Let us start with Rosa Luxemburg's (1951) famous thesis which states that: "Capital cannot accumulate without the aid of non-capitalist organisations, nor, on the other hand, can it tolerate their continued existence side by side with itself. Only the continuous and progressive disintegration of non-capitalist organisations makes accumulation of capital possible". Edward Glaeser's and Jose Scheinkman's (2001) idea of non-market social interactions, without which the market cannot function, is similar, however less radical. There is also an interesting concept of 'cite', an autonomous community, immune to the influences of the market, formulated by Georges Sore (Laskowski 2011). Finally, it is worth mentioning Hardt's and Negris' (2009) attempt to redefine 'the commons', not as a space outside capitalism, but rather as a path/gate leading beyond it (however without defining what really lies outside it). Michael Foucault's 'heterotopia' (1967) could also be added to this list, but it is however a little too obvious, and not necessary appropriate here, because heterotopia isn't located outside capitalism. Perhaps Hakim Bey (2003) and his Temporary Autonomous Zone (TAZ), could be mentioned but it is even less related to the idea of spatial autonomy. In the case of Rosa Luxemburg, Edward Glaeser and Georges Sorel, the relationship is quite obvious --these concepts of spheres beyond capitalism (or the free market) can easily be imagined as distinct territories.
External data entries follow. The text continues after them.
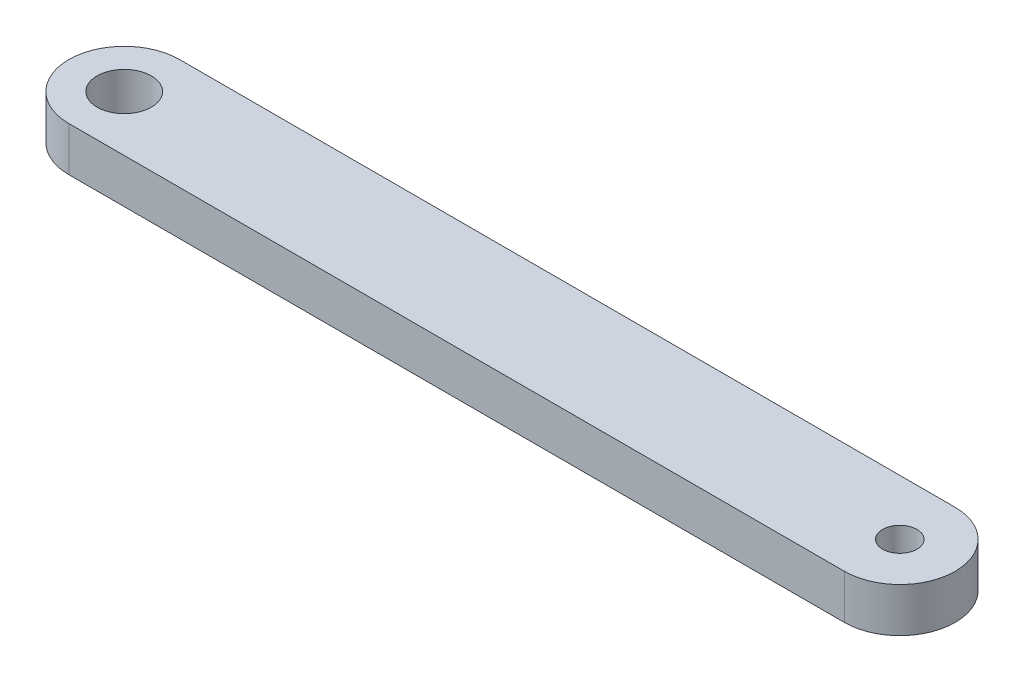
ISO-10303-21;
HEADER;
FILE_DESCRIPTION(('STEP AP214'),'2;1');
FILE_NAME('part.step','',(''),(''),'','','');
FILE_SCHEMA(('AUTOMOTIVE_DESIGN { 1 0 10303 214 1 1 1 1 }'));
ENDSEC;
DATA;
#1=APPLICATION_CONTEXT('core data for automotive mechanical design processes');
#2=APPLICATION_PROTOCOL_DEFINITION('international standard','automotive_design',2000,#1);
#3=PRODUCT_CONTEXT('',#1,'mechanical');
#4=PRODUCT('Part','Part','',(#3));
#5=PRODUCT_RELATED_PRODUCT_CATEGORY('part','',(#4));
#6=PRODUCT_DEFINITION_FORMATION('','',#4);
#7=PRODUCT_DEFINITION_CONTEXT('part definition',#1,'design');
#8=PRODUCT_DEFINITION('design','',#6,#7);
#9=PRODUCT_DEFINITION_SHAPE('','',#8);
#10=(LENGTH_UNIT() NAMED_UNIT(*) SI_UNIT(.MILLI.,.METRE.));
#11=(NAMED_UNIT(*) PLANE_ANGLE_UNIT() SI_UNIT($,.RADIAN.));
#12=(NAMED_UNIT(*) SI_UNIT($,.STERADIAN.) SOLID_ANGLE_UNIT());
#13=UNCERTAINTY_MEASURE_WITH_UNIT(LENGTH_MEASURE(1.E-05),#10,'distance_accuracy_value','');
#14=(GEOMETRIC_REPRESENTATION_CONTEXT(3) GLOBAL_UNCERTAINTY_ASSIGNED_CONTEXT((#13)) GLOBAL_UNIT_ASSIGNED_CONTEXT((#10,
#11,#12)) REPRESENTATION_CONTEXT('',''));
#15=CARTESIAN_POINT('',(0.,0.,0.));
#16=DIRECTION('',(0.,0.,1.));
#17=DIRECTION('',(1.,0.,0.));
#18=AXIS2_PLACEMENT_3D('',#15,#16,#17);
#19=CARTESIAN_POINT('',(0.,4.,0.));
#20=DIRECTION('',(0.,1.,0.));
#21=DIRECTION('',(0.,0.,1.));
#22=AXIS2_PLACEMENT_3D('',#19,#20,#21);
#23=PLANE('',#22);
#24=CARTESIAN_POINT('',(-70.,4.,0.));
#25=DIRECTION('',(0.,1.,0.));
#26=DIRECTION('',(0.,0.,1.));
#27=AXIS2_PLACEMENT_3D('',#24,#25,#26);
#28=CIRCLE('',#27,2.45);
#29=CARTESIAN_POINT('',(-70.,4.,2.45000000000001));
#30=VERTEX_POINT('',#29);
#31=EDGE_CURVE('E112',#30,#30,#28,.T.);
#32=ORIENTED_EDGE('',*,*,#31,.F.);
#33=EDGE_LOOP('',(#32));
#34=FACE_BOUND('',#33,.T.);
#35=CARTESIAN_POINT('',(0.,4.,0.));
#36=DIRECTION('',(0.,1.,0.));
#37=DIRECTION('',(0.,0.,1.));
#38=AXIS2_PLACEMENT_3D('',#35,#36,#37);
#39=CIRCLE('',#38,5.);
#40=CARTESIAN_POINT('',(0.,4.,5.));
#41=VERTEX_POINT('',#40);
#42=CARTESIAN_POINT('',(0.,4.,-5.));
#43=VERTEX_POINT('',#42);
#44=EDGE_CURVE('E92',#41,#43,#39,.T.);
#45=ORIENTED_EDGE('',*,*,#44,.T.);
#46=DIRECTION('',(-1.,0.,0.));
#47=VECTOR('',#46,1.);
#48=CARTESIAN_POINT('',(0.,4.,-5.));
#49=LINE('',#48,#47);
#50=CARTESIAN_POINT('',(-70.,4.,-4.99999999999999));
#51=VERTEX_POINT('',#50);
#52=EDGE_CURVE('E87',#43,#51,#49,.T.);
#53=ORIENTED_EDGE('',*,*,#52,.T.);
#54=CARTESIAN_POINT('',(-70.,4.,0.));
#55=DIRECTION('',(0.,1.,0.));
#56=DIRECTION('',(0.,0.,1.));
#57=AXIS2_PLACEMENT_3D('',#54,#55,#56);
#58=CIRCLE('',#57,5.);
#59=CARTESIAN_POINT('',(-70.,4.,5.00000000000001));
#60=VERTEX_POINT('',#59);
#61=EDGE_CURVE('E90',#51,#60,#58,.T.);
#62=ORIENTED_EDGE('',*,*,#61,.T.);
#63=DIRECTION('',(1.,0.,0.));
#64=VECTOR('',#63,1.);
#65=CARTESIAN_POINT('',(0.,4.,5.));
#66=LINE('',#65,#64);
#67=EDGE_CURVE('E57',#60,#41,#66,.T.);
#68=ORIENTED_EDGE('',*,*,#67,.T.);
#69=EDGE_LOOP('',(#45,#53,#62,#68));
#70=FACE_BOUND('',#69,.T.);
#71=CARTESIAN_POINT('',(0.,4.,0.));
#72=DIRECTION('',(0.,1.,0.));
#73=DIRECTION('',(0.,0.,1.));
#74=AXIS2_PLACEMENT_3D('',#71,#72,#73);
#75=CIRCLE('',#74,1.55);
#76=CARTESIAN_POINT('',(0.,4.,1.55));
#77=VERTEX_POINT('',#76);
#78=EDGE_CURVE('E134',#77,#77,#75,.T.);
#79=ORIENTED_EDGE('',*,*,#78,.F.);
#80=EDGE_LOOP('',(#79));
#81=FACE_BOUND('',#80,.T.);
#82=ADVANCED_FACE('F39',(#34,#70,#81),#23,.T.);
#83=CARTESIAN_POINT('',(0.,0.,0.));
#84=DIRECTION('',(0.,1.,0.));
#85=DIRECTION('',(0.,0.,1.));
#86=AXIS2_PLACEMENT_3D('',#83,#84,#85);
#87=PLANE('',#86);
#88=CARTESIAN_POINT('',(0.,0.,0.));
#89=DIRECTION('',(0.,1.,0.));
#90=DIRECTION('',(0.,0.,1.));
#91=AXIS2_PLACEMENT_3D('',#88,#89,#90);
#92=CIRCLE('',#91,5.);
#93=CARTESIAN_POINT('',(0.,0.,5.));
#94=VERTEX_POINT('',#93);
#95=CARTESIAN_POINT('',(0.,0.,-5.));
#96=VERTEX_POINT('',#95);
#97=EDGE_CURVE('E108',#94,#96,#92,.T.);
#98=ORIENTED_EDGE('',*,*,#97,.F.);
#99=DIRECTION('',(1.,0.,0.));
#100=VECTOR('',#99,1.);
#101=CARTESIAN_POINT('',(0.,0.,5.));
#102=LINE('',#101,#100);
#103=CARTESIAN_POINT('',(-70.,0.,5.00000000000001));
#104=VERTEX_POINT('',#103);
#105=EDGE_CURVE('E80',#104,#94,#102,.T.);
#106=ORIENTED_EDGE('',*,*,#105,.F.);
#107=CARTESIAN_POINT('',(-70.,0.,0.));
#108=DIRECTION('',(0.,1.,0.));
#109=DIRECTION('',(0.,0.,1.));
#110=AXIS2_PLACEMENT_3D('',#107,#108,#109);
#111=CIRCLE('',#110,5.);
#112=CARTESIAN_POINT('',(-70.,0.,-4.99999999999999));
#113=VERTEX_POINT('',#112);
#114=EDGE_CURVE('E74',#113,#104,#111,.T.);
#115=ORIENTED_EDGE('',*,*,#114,.F.);
#116=DIRECTION('',(-1.,0.,0.));
#117=VECTOR('',#116,1.);
#118=CARTESIAN_POINT('',(0.,0.,-5.));
#119=LINE('',#118,#117);
#120=EDGE_CURVE('E97',#96,#113,#119,.T.);
#121=ORIENTED_EDGE('',*,*,#120,.F.);
#122=EDGE_LOOP('',(#98,#106,#115,#121));
#123=FACE_BOUND('',#122,.T.);
#124=CARTESIAN_POINT('',(-70.,0.,0.));
#125=DIRECTION('',(0.,1.,0.));
#126=DIRECTION('',(0.,0.,1.));
#127=AXIS2_PLACEMENT_3D('',#124,#125,#126);
#128=CIRCLE('',#127,2.45);
#129=CARTESIAN_POINT('',(-70.,0.,2.45000000000001));
#130=VERTEX_POINT('',#129);
#131=EDGE_CURVE('E130',#130,#130,#128,.T.);
#132=ORIENTED_EDGE('',*,*,#131,.T.);
#133=EDGE_LOOP('',(#132));
#134=FACE_BOUND('',#133,.T.);
#135=CARTESIAN_POINT('',(0.,0.,0.));
#136=DIRECTION('',(0.,1.,0.));
#137=DIRECTION('',(0.,0.,1.));
#138=AXIS2_PLACEMENT_3D('',#135,#136,#137);
#139=CIRCLE('',#138,1.55);
#140=CARTESIAN_POINT('',(0.,0.,1.55));
#141=VERTEX_POINT('',#140);
#142=EDGE_CURVE('E138',#141,#141,#139,.T.);
#143=ORIENTED_EDGE('',*,*,#142,.T.);
#144=EDGE_LOOP('',(#143));
#145=FACE_BOUND('',#144,.T.);
#146=ADVANCED_FACE('F125',(#123,#134,#145),#87,.F.);
#147=CARTESIAN_POINT('',(0.,4.,0.));
#148=DIRECTION('',(0.,-1.,0.));
#149=DIRECTION('',(0.,0.,-1.));
#150=AXIS2_PLACEMENT_3D('',#147,#148,#149);
#151=CYLINDRICAL_SURFACE('',#150,5.);
#152=ORIENTED_EDGE('',*,*,#97,.T.);
#153=DIRECTION('',(0.,-1.,0.));
#154=VECTOR('',#153,1.);
#155=CARTESIAN_POINT('',(0.,4.,-5.));
#156=LINE('',#155,#154);
#157=EDGE_CURVE('E11',#43,#96,#156,.T.);
#158=ORIENTED_EDGE('',*,*,#157,.F.);
#159=ORIENTED_EDGE('',*,*,#44,.F.);
#160=DIRECTION('',(0.,-1.,0.));
#161=VECTOR('',#160,1.);
#162=CARTESIAN_POINT('',(0.,4.,5.));
#163=LINE('',#162,#161);
#164=EDGE_CURVE('E104',#41,#94,#163,.T.);
#165=ORIENTED_EDGE('',*,*,#164,.T.);
#166=EDGE_LOOP('',(#152,#158,#159,#165));
#167=FACE_BOUND('',#166,.T.);
#168=ADVANCED_FACE('F41',(#167),#151,.T.);
#169=CARTESIAN_POINT('',(0.,4.,-5.));
#170=DIRECTION('',(0.,0.,1.));
#171=DIRECTION('',(1.,0.,0.));
#172=AXIS2_PLACEMENT_3D('',#169,#170,#171);
#173=PLANE('',#172);
#174=ORIENTED_EDGE('',*,*,#120,.T.);
#175=DIRECTION('',(0.,-1.,0.));
#176=VECTOR('',#175,1.);
#177=CARTESIAN_POINT('',(-70.,4.,-4.99999999999999));
#178=LINE('',#177,#176);
#179=EDGE_CURVE('E49',#51,#113,#178,.T.);
#180=ORIENTED_EDGE('',*,*,#179,.F.);
#181=ORIENTED_EDGE('',*,*,#52,.F.);
#182=ORIENTED_EDGE('',*,*,#157,.T.);
#183=EDGE_LOOP('',(#174,#180,#181,#182));
#184=FACE_BOUND('',#183,.T.);
#185=ADVANCED_FACE('F96',(#184),#173,.F.);
#186=CARTESIAN_POINT('',(-70.,4.,0.));
#187=DIRECTION('',(0.,-1.,0.));
#188=DIRECTION('',(0.,0.,-1.));
#189=AXIS2_PLACEMENT_3D('',#186,#187,#188);
#190=CYLINDRICAL_SURFACE('',#189,5.);
#191=ORIENTED_EDGE('',*,*,#114,.T.);
#192=DIRECTION('',(0.,-1.,0.));
#193=VECTOR('',#192,1.);
#194=CARTESIAN_POINT('',(-70.,4.,5.00000000000001));
#195=LINE('',#194,#193);
#196=EDGE_CURVE('E99',#60,#104,#195,.T.);
#197=ORIENTED_EDGE('',*,*,#196,.F.);
#198=ORIENTED_EDGE('',*,*,#61,.F.);
#199=ORIENTED_EDGE('',*,*,#179,.T.);
#200=EDGE_LOOP('',(#191,#197,#198,#199));
#201=FACE_BOUND('',#200,.T.);
#202=ADVANCED_FACE('F100',(#201),#190,.T.);
#203=CARTESIAN_POINT('',(0.,4.,5.));
#204=DIRECTION('',(0.,0.,-1.));
#205=DIRECTION('',(-1.,0.,0.));
#206=AXIS2_PLACEMENT_3D('',#203,#204,#205);
#207=PLANE('',#206);
#208=ORIENTED_EDGE('',*,*,#105,.T.);
#209=ORIENTED_EDGE('',*,*,#164,.F.);
#210=ORIENTED_EDGE('',*,*,#67,.F.);
#211=ORIENTED_EDGE('',*,*,#196,.T.);
#212=EDGE_LOOP('',(#208,#209,#210,#211));
#213=FACE_BOUND('',#212,.T.);
#214=ADVANCED_FACE('F122',(#213),#207,.F.);
#215=CARTESIAN_POINT('',(-70.,4.,0.));
#216=DIRECTION('',(0.,-1.,0.));
#217=DIRECTION('',(0.,0.,-1.));
#218=AXIS2_PLACEMENT_3D('',#215,#216,#217);
#219=CYLINDRICAL_SURFACE('',#218,2.45);
#220=ORIENTED_EDGE('',*,*,#31,.T.);
#221=EDGE_LOOP('',(#220));
#222=FACE_BOUND('',#221,.T.);
#223=ORIENTED_EDGE('',*,*,#131,.F.);
#224=EDGE_LOOP('',(#223));
#225=FACE_BOUND('',#224,.T.);
#226=ADVANCED_FACE('F157',(#222,#225),#219,.F.);
#227=CARTESIAN_POINT('',(0.,4.,0.));
#228=DIRECTION('',(0.,-1.,0.));
#229=DIRECTION('',(0.,0.,-1.));
#230=AXIS2_PLACEMENT_3D('',#227,#228,#229);
#231=CYLINDRICAL_SURFACE('',#230,1.55);
#232=ORIENTED_EDGE('',*,*,#78,.T.);
#233=EDGE_LOOP('',(#232));
#234=FACE_BOUND('',#233,.T.);
#235=ORIENTED_EDGE('',*,*,#142,.F.);
#236=EDGE_LOOP('',(#235));
#237=FACE_BOUND('',#236,.T.);
#238=ADVANCED_FACE('F146',(#234,#237),#231,.F.);
#239=CLOSED_SHELL('',(#82,#146,#168,#185,#202,#214,#226,#238));
#240=MANIFOLD_SOLID_BREP('B2',#239);
#241=ADVANCED_BREP_SHAPE_REPRESENTATION('',(#18,#240),#14);
#242=SHAPE_DEFINITION_REPRESENTATION(#9,#241);
ENDSEC;
END-ISO-10303-21;

It would be easy to draw a map based on these ideas, locating capitalist and non-capitalist areas. For Hardt and Negri however it is more complicated, a map would not be not enough, we would need a three-dimensional representation. For them 'The Commons' is formed between / beside / under and over capitalism, maybe it even constitutes a separate dimension. However the authors do not address the problem of 'what is the common' as they focus primarily on the creation of a definition of how this is created and not what it is. Moreover when they do start defining 'the common' it appears a kind of magma, a homogenous entity without any distinction or structure. This lack of structure renders this concept useless for a purpose of this paper.
The problem with Hakim Bey's idea lie not so much with the fact that Temporary Autonomy Zones are not spatial, but because they are temporary. TAZ's are only at first glimpse similar to ideas found in Jacob Taubes thinking--in fact TAZ's have no real purpose, they are just random, temporary glitches in the system. Again, in terms of the argument present in this paper is not what I am looking for.
The spatiality of alternatives (or 'supplements') to free market / capitalism is of fundamental importance. The more the subject (local autonomy) is material, spatial and concrete, the greater the chance of separation / distinguish from--the increasingly more intangible--capitalism.
The contemporary nation-state is founded on 'fantasy' (5)--the language and the culture. Contemporary capitalism is based on very similar intangible foundations. The city is much more tangible still--it is neither language nor culture but the technical infrastructure and institutions are founding the city's very existence. Therefore, the city could be--at least in theory--an area for the formation of a spatial autonomous subject capable of non-capitalist experiments.
Therefore, paradoxically, it seems that the nation-state can and should be the guarantor and protector of local autonomy, the very autonomy which was born to challenge it. It may seem an impossible challenge, yet it is exactly the way China introduced its free market reforms--by creating Special Economic Zones (SEZ). I am using this example not because it illustrates how nation state (stronger power structure) could create a territory organised under anti-hegemonic rules. Obviously SEZ were/are acting in favour of global capitalism, so I am not supporting SEZ as an example of the anomaly I am looking for in this paper. However, SEZ is a perfect illustration of a mechanism of experimentation, which could be a model from which to learn. It is also important to stress that exactly the same mechanism is used in contemporary in China to create territory organised beyond the logic of neoliberalism (Harvey 2012: 64-65).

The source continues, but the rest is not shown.